[Data entries]

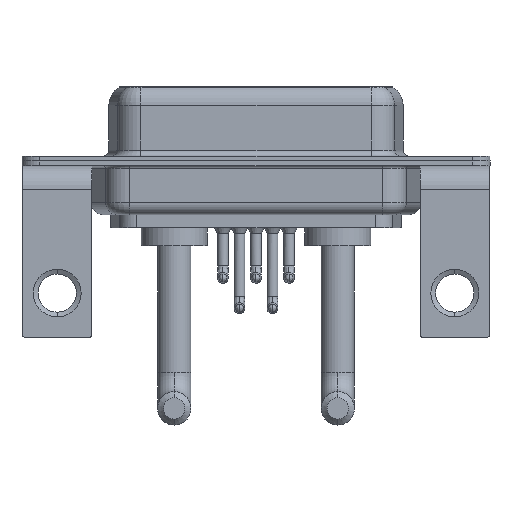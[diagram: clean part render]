
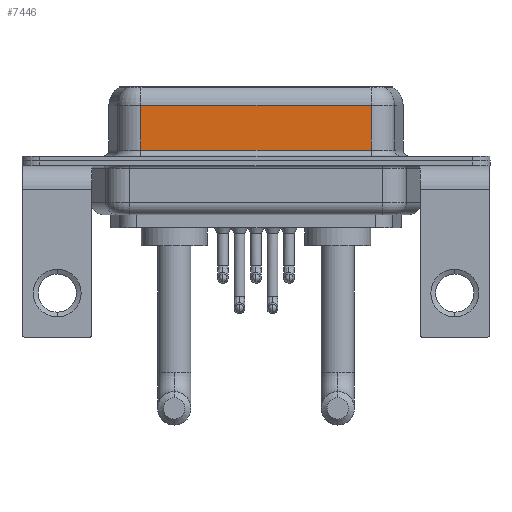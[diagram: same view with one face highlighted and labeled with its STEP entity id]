
A CAD part, front view. The second image highlights one B-rep face of the part: STEP entity #7446.
In plain terms, the highlighted planar face has unit normal (0, -1, 0).
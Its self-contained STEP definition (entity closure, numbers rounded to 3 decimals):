
#175 = CARTESIAN_POINT ( 'NONE',  ( 7.013, -3.95, 0.9 ) ) ;
#628 = CARTESIAN_POINT ( 'NONE',  ( 26.287, -3.95, 0.9 ) ) ;
#1300 = ORIENTED_EDGE ( 'NONE', *, *, #6521, .T. ) ;
#1425 = VERTEX_POINT ( 'NONE', #15214 ) ;
#1618 = DIRECTION ( 'NONE',  ( 0., 0., 1. ) ) ;
#2755 = LINE ( 'NONE', #16125, #14349 ) ;
#3061 = DIRECTION ( 'NONE',  ( 0., 0., -1. ) ) ;
#3443 = LINE ( 'NONE', #8889, #6782 ) ;
#4479 = LINE ( 'NONE', #16953, #9658 ) ;
#4958 = VERTEX_POINT ( 'NONE', #175 ) ;
#5539 = CARTESIAN_POINT ( 'NONE',  ( 7.013, -3.95, 4.65 ) ) ;
#5885 = EDGE_CURVE ( 'NONE', #4958, #12445, #7258, .T. ) ;
#6521 = EDGE_CURVE ( 'NONE', #1425, #12839, #2755, .T. ) ;
#6782 = VECTOR ( 'NONE', #7554, 1000. ) ;
#7258 = LINE ( 'NONE', #14096, #14789 ) ;
#7392 = ORIENTED_EDGE ( 'NONE', *, *, #7928, .T. ) ;
#7446 = ADVANCED_FACE ( 'NONE', ( #12576 ), #15350, .F. ) ;
#7554 = DIRECTION ( 'NONE',  ( 0., 0., -1. ) ) ;
#7928 = EDGE_CURVE ( 'NONE', #12839, #4958, #3443, .T. ) ;
#8330 = EDGE_LOOP ( 'NONE', ( #9882, #1300, #7392, #9522 ) ) ;
#8411 = DIRECTION ( 'NONE',  ( 0., 1., 0. ) ) ;
#8889 = CARTESIAN_POINT ( 'NONE',  ( 7.013, -3.95, 6.4 ) ) ;
#9411 = EDGE_CURVE ( 'NONE', #1425, #12445, #4479, .T. ) ;
#9522 = ORIENTED_EDGE ( 'NONE', *, *, #5885, .T. ) ;
#9658 = VECTOR ( 'NONE', #3061, 1000. ) ;
#9744 = CARTESIAN_POINT ( 'NONE',  ( 26.287, -3.95, 6.4 ) ) ;
#9882 = ORIENTED_EDGE ( 'NONE', *, *, #9411, .F. ) ;
#10096 = DIRECTION ( 'NONE',  ( 1., 0., 0. ) ) ;
#12445 = VERTEX_POINT ( 'NONE', #628 ) ;
#12576 = FACE_OUTER_BOUND ( 'NONE', #8330, .T. ) ;
#12839 = VERTEX_POINT ( 'NONE', #5539 ) ;
#13278 = AXIS2_PLACEMENT_3D ( 'NONE', #9744, #8411, #1618 ) ;
#14096 = CARTESIAN_POINT ( 'NONE',  ( 26.287, -3.95, 0.9 ) ) ;
#14349 = VECTOR ( 'NONE', #15062, 1000. ) ;
#14789 = VECTOR ( 'NONE', #10096, 1000. ) ;
#15062 = DIRECTION ( 'NONE',  ( -1., 0., 0. ) ) ;
#15214 = CARTESIAN_POINT ( 'NONE',  ( 26.287, -3.95, 4.65 ) ) ;
#15350 = PLANE ( 'NONE',  #13278 ) ;
#16125 = CARTESIAN_POINT ( 'NONE',  ( 26.287, -3.95, 4.65 ) ) ;
#16953 = CARTESIAN_POINT ( 'NONE',  ( 26.287, -3.95, 6.4 ) ) ;
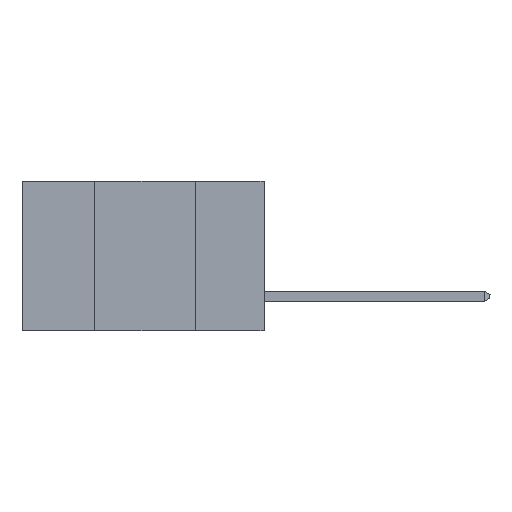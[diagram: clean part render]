
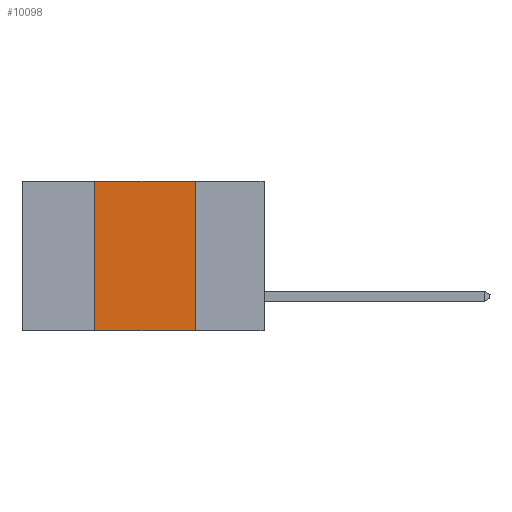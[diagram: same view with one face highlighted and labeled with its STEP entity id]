
A CAD part, left-side view. The second image highlights one B-rep face of the part: STEP entity #10098.
In plain terms, the highlighted planar face has unit normal (-1, 0, 0).
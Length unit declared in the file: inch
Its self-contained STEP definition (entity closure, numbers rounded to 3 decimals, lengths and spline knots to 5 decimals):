
#300 = ORIENTED_EDGE ( 'NONE', *, *, #15430, .F. ) ;
#1557 = EDGE_CURVE ( 'NONE', #2550, #2010, #7332, .T. ) ;
#1919 = VERTEX_POINT ( 'NONE', #12989 ) ;
#2010 = VERTEX_POINT ( 'NONE', #7375 ) ;
#2018 = VECTOR ( 'NONE', #3565, 39.37008 ) ;
#2550 = VERTEX_POINT ( 'NONE', #8102 ) ;
#2960 = EDGE_LOOP ( 'NONE', ( #15843, #300, #13751, #18384 ) ) ;
#3565 = DIRECTION ( 'NONE',  ( 0., -1., 0. ) ) ;
#3576 = DIRECTION ( 'NONE',  ( 0., 0., -1. ) ) ;
#3759 = LINE ( 'NONE', #15549, #2018 ) ;
#3835 = DIRECTION ( 'NONE',  ( 1., 0., 0. ) ) ;
#5511 = LINE ( 'NONE', #16806, #12373 ) ;
#5599 = EDGE_CURVE ( 'NONE', #5963, #2010, #5511, .T. ) ;
#5963 = VERTEX_POINT ( 'NONE', #13518 ) ;
#6302 = EDGE_CURVE ( 'NONE', #2550, #1919, #13679, .T. ) ;
#7228 = DIRECTION ( 'NONE',  ( 0., -1., 0. ) ) ;
#7332 = LINE ( 'NONE', #17634, #11642 ) ;
#7375 = CARTESIAN_POINT ( 'NONE',  ( 0., 0.17, -0.37 ) ) ;
#8102 = CARTESIAN_POINT ( 'NONE',  ( 0., 0.42, -0.37 ) ) ;
#8300 = CARTESIAN_POINT ( 'NONE',  ( 0., 0.6, 0. ) ) ;
#8897 = CARTESIAN_POINT ( 'NONE',  ( 0., 0.42, -0.37 ) ) ;
#10098 = ADVANCED_FACE ( 'NONE', ( #14088 ), #14369, .F. ) ;
#11642 = VECTOR ( 'NONE', #7228, 39.37008 ) ;
#12373 = VECTOR ( 'NONE', #3576, 39.37008 ) ;
#12989 = CARTESIAN_POINT ( 'NONE',  ( 0., 0.42, 0. ) ) ;
#13518 = CARTESIAN_POINT ( 'NONE',  ( 0., 0.17, 0. ) ) ;
#13679 = LINE ( 'NONE', #8897, #17011 ) ;
#13751 = ORIENTED_EDGE ( 'NONE', *, *, #6302, .F. ) ;
#14088 = FACE_OUTER_BOUND ( 'NONE', #2960, .T. ) ;
#14369 = PLANE ( 'NONE',  #14427 ) ;
#14427 = AXIS2_PLACEMENT_3D ( 'NONE', #8300, #3835, #14463 ) ;
#14463 = DIRECTION ( 'NONE',  ( 0., 0., -1. ) ) ;
#15430 = EDGE_CURVE ( 'NONE', #1919, #5963, #3759, .T. ) ;
#15549 = CARTESIAN_POINT ( 'NONE',  ( 0., 0.6, 0. ) ) ;
#15843 = ORIENTED_EDGE ( 'NONE', *, *, #5599, .F. ) ;
#16291 = DIRECTION ( 'NONE',  ( 0., 0., 1. ) ) ;
#16806 = CARTESIAN_POINT ( 'NONE',  ( 0., 0.17, -0.37 ) ) ;
#17011 = VECTOR ( 'NONE', #16291, 39.37008 ) ;
#17634 = CARTESIAN_POINT ( 'NONE',  ( 0., 0.6, -0.37 ) ) ;
#18384 = ORIENTED_EDGE ( 'NONE', *, *, #1557, .T. ) ;
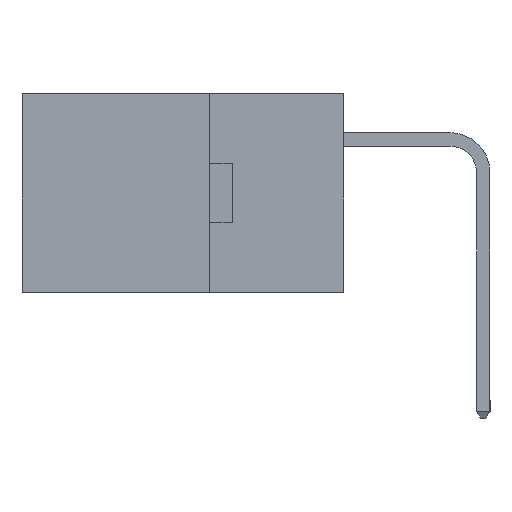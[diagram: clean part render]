
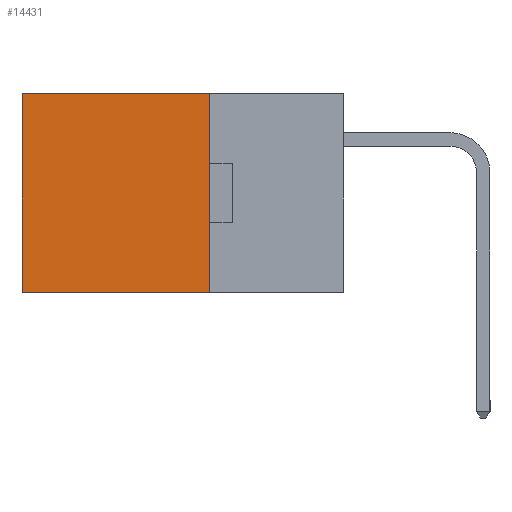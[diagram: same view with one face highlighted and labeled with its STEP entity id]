
A CAD part, left-side view. The second image highlights one B-rep face of the part: STEP entity #14431.
In plain terms, the highlighted planar face has unit normal (-1, 0, 0).
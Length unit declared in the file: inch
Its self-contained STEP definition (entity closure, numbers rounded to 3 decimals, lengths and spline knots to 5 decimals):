
#312 = CARTESIAN_POINT ( 'NONE',  ( 0.2615, 0.25, 0. ) ) ;
#1356 = EDGE_CURVE ( 'NONE', #17799, #17952, #26093, .T. ) ;
#2231 = CARTESIAN_POINT ( 'NONE',  ( 0.2615, 0.25, -0.37 ) ) ;
#2576 = DIRECTION ( 'NONE',  ( 0., 0., -1. ) ) ;
#2697 = CARTESIAN_POINT ( 'NONE',  ( 0.2615, 0.6, -0.37 ) ) ;
#3573 = CARTESIAN_POINT ( 'NONE',  ( 0.2615, 0.25, -0.37 ) ) ;
#3858 = CARTESIAN_POINT ( 'NONE',  ( 0.2615, 0.25, -0.37 ) ) ;
#3910 = CARTESIAN_POINT ( 'NONE',  ( 0.2615, 0.6, 0. ) ) ;
#4951 = VECTOR ( 'NONE', #11741, 39.37008 ) ;
#8793 = EDGE_CURVE ( 'NONE', #21503, #17952, #15504, .T. ) ;
#9071 = EDGE_CURVE ( 'NONE', #15345, #17799, #13895, .T. ) ;
#9686 = CARTESIAN_POINT ( 'NONE',  ( 0.2615, 0.25, -0.37 ) ) ;
#10700 = VECTOR ( 'NONE', #18838, 39.37008 ) ;
#11741 = DIRECTION ( 'NONE',  ( 0., 0., -1. ) ) ;
#12269 = DIRECTION ( 'NONE',  ( 1., 0., 0. ) ) ;
#12445 = EDGE_CURVE ( 'NONE', #15345, #21503, #15938, .T. ) ;
#13705 = ORIENTED_EDGE ( 'NONE', *, *, #12445, .F. ) ;
#13895 = LINE ( 'NONE', #21755, #18669 ) ;
#14431 = ADVANCED_FACE ( 'NONE', ( #19027 ), #18324, .F. ) ;
#14460 = ORIENTED_EDGE ( 'NONE', *, *, #8793, .F. ) ;
#15345 = VERTEX_POINT ( 'NONE', #312 ) ;
#15504 = LINE ( 'NONE', #2231, #10700 ) ;
#15938 = LINE ( 'NONE', #9686, #4951 ) ;
#16521 = ORIENTED_EDGE ( 'NONE', *, *, #1356, .T. ) ;
#17799 = VERTEX_POINT ( 'NONE', #3910 ) ;
#17921 = EDGE_LOOP ( 'NONE', ( #16521, #14460, #13705, #19975 ) ) ;
#17952 = VERTEX_POINT ( 'NONE', #18730 ) ;
#18324 = PLANE ( 'NONE',  #21669 ) ;
#18669 = VECTOR ( 'NONE', #23857, 39.37008 ) ;
#18730 = CARTESIAN_POINT ( 'NONE',  ( 0.2615, 0.6, -0.37 ) ) ;
#18838 = DIRECTION ( 'NONE',  ( 0., 1., 0. ) ) ;
#19027 = FACE_OUTER_BOUND ( 'NONE', #17921, .T. ) ;
#19975 = ORIENTED_EDGE ( 'NONE', *, *, #9071, .T. ) ;
#21503 = VERTEX_POINT ( 'NONE', #3573 ) ;
#21669 = AXIS2_PLACEMENT_3D ( 'NONE', #3858, #12269, #26649 ) ;
#21755 = CARTESIAN_POINT ( 'NONE',  ( 0.2615, 0.25, 0. ) ) ;
#23857 = DIRECTION ( 'NONE',  ( 0., 1., 0. ) ) ;
#25459 = VECTOR ( 'NONE', #2576, 39.37008 ) ;
#26093 = LINE ( 'NONE', #2697, #25459 ) ;
#26649 = DIRECTION ( 'NONE',  ( 0., 0., -1. ) ) ;
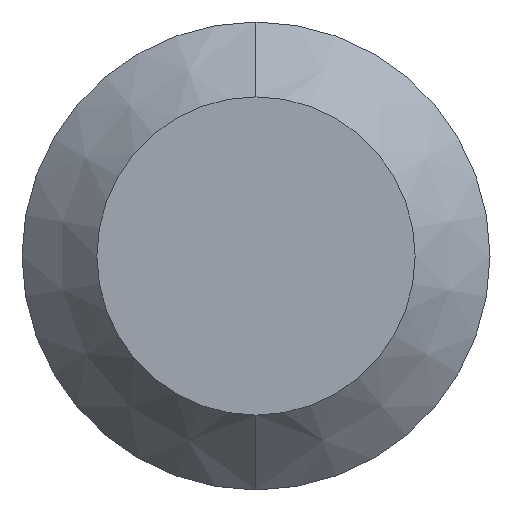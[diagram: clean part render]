
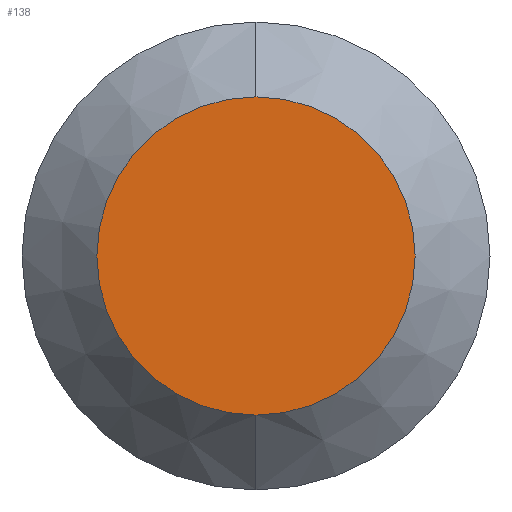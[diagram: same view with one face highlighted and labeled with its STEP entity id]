
A CAD part, left-side view. The second image highlights one B-rep face of the part: STEP entity #138.
In plain terms, the highlighted planar face has unit normal (-1, 0, 0).
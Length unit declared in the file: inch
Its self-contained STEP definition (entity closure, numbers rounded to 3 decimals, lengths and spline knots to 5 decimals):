
#4 = DIRECTION ( 'NONE',  ( 0., 0., -1. ) ) ;
#5 = DIRECTION ( 'NONE',  ( -1., 0., 0. ) ) ;
#18 = EDGE_LOOP ( 'NONE', ( #98, #236 ) ) ;
#19 = CARTESIAN_POINT ( 'NONE',  ( 0., 0., 0. ) ) ;
#28 = CIRCLE ( 'NONE', #80, 0.0425 ) ;
#52 = DIRECTION ( 'NONE',  ( 0., 0., -1. ) ) ;
#75 = DIRECTION ( 'NONE',  ( -1., 0., 0. ) ) ;
#76 = CARTESIAN_POINT ( 'NONE',  ( 0., 0., 0. ) ) ;
#78 = CARTESIAN_POINT ( 'NONE',  ( 0., 0., -0.0425 ) ) ;
#80 = AXIS2_PLACEMENT_3D ( 'NONE', #76, #75, #52 ) ;
#98 = ORIENTED_EDGE ( 'NONE', *, *, #188, .T. ) ;
#99 = DIRECTION ( 'NONE',  ( 0., 0., -1. ) ) ;
#100 = AXIS2_PLACEMENT_3D ( 'NONE', #19, #5, #4 ) ;
#101 = DIRECTION ( 'NONE',  ( 1., 0., 0. ) ) ;
#103 = AXIS2_PLACEMENT_3D ( 'NONE', #118, #101, #99 ) ;
#114 = PLANE ( 'NONE',  #103 ) ;
#118 = CARTESIAN_POINT ( 'NONE',  ( 0., 0., 0. ) ) ;
#138 = ADVANCED_FACE ( 'NONE', ( #189 ), #114, .F. ) ;
#149 = EDGE_CURVE ( 'NONE', #198, #204, #226, .T. ) ;
#161 = CARTESIAN_POINT ( 'NONE',  ( 0., 0., 0.0425 ) ) ;
#188 = EDGE_CURVE ( 'NONE', #204, #198, #28, .T. ) ;
#189 = FACE_OUTER_BOUND ( 'NONE', #18, .T. ) ;
#198 = VERTEX_POINT ( 'NONE', #161 ) ;
#204 = VERTEX_POINT ( 'NONE', #78 ) ;
#226 = CIRCLE ( 'NONE', #100, 0.0425 ) ;
#236 = ORIENTED_EDGE ( 'NONE', *, *, #149, .T. ) ;

What to work on: Starting at the line that contains "#9071 = EDGE_CURVE" and stopping after the line that contains "#11741 = DIRECTION", write out every line exactly as it appears above, and no other line.

Your response:
#9071 = EDGE_CURVE ( 'NONE', #15345, #17799, #13895, .T. ) ;
#9686 = CARTESIAN_POINT ( 'NONE',  ( 0.2615, 0.25, -0.37 ) ) ;
#10700 = VECTOR ( 'NONE', #18838, 39.37008 ) ;
#11741 = DIRECTION ( 'NONE',  ( 0., 0., -1. ) ) ;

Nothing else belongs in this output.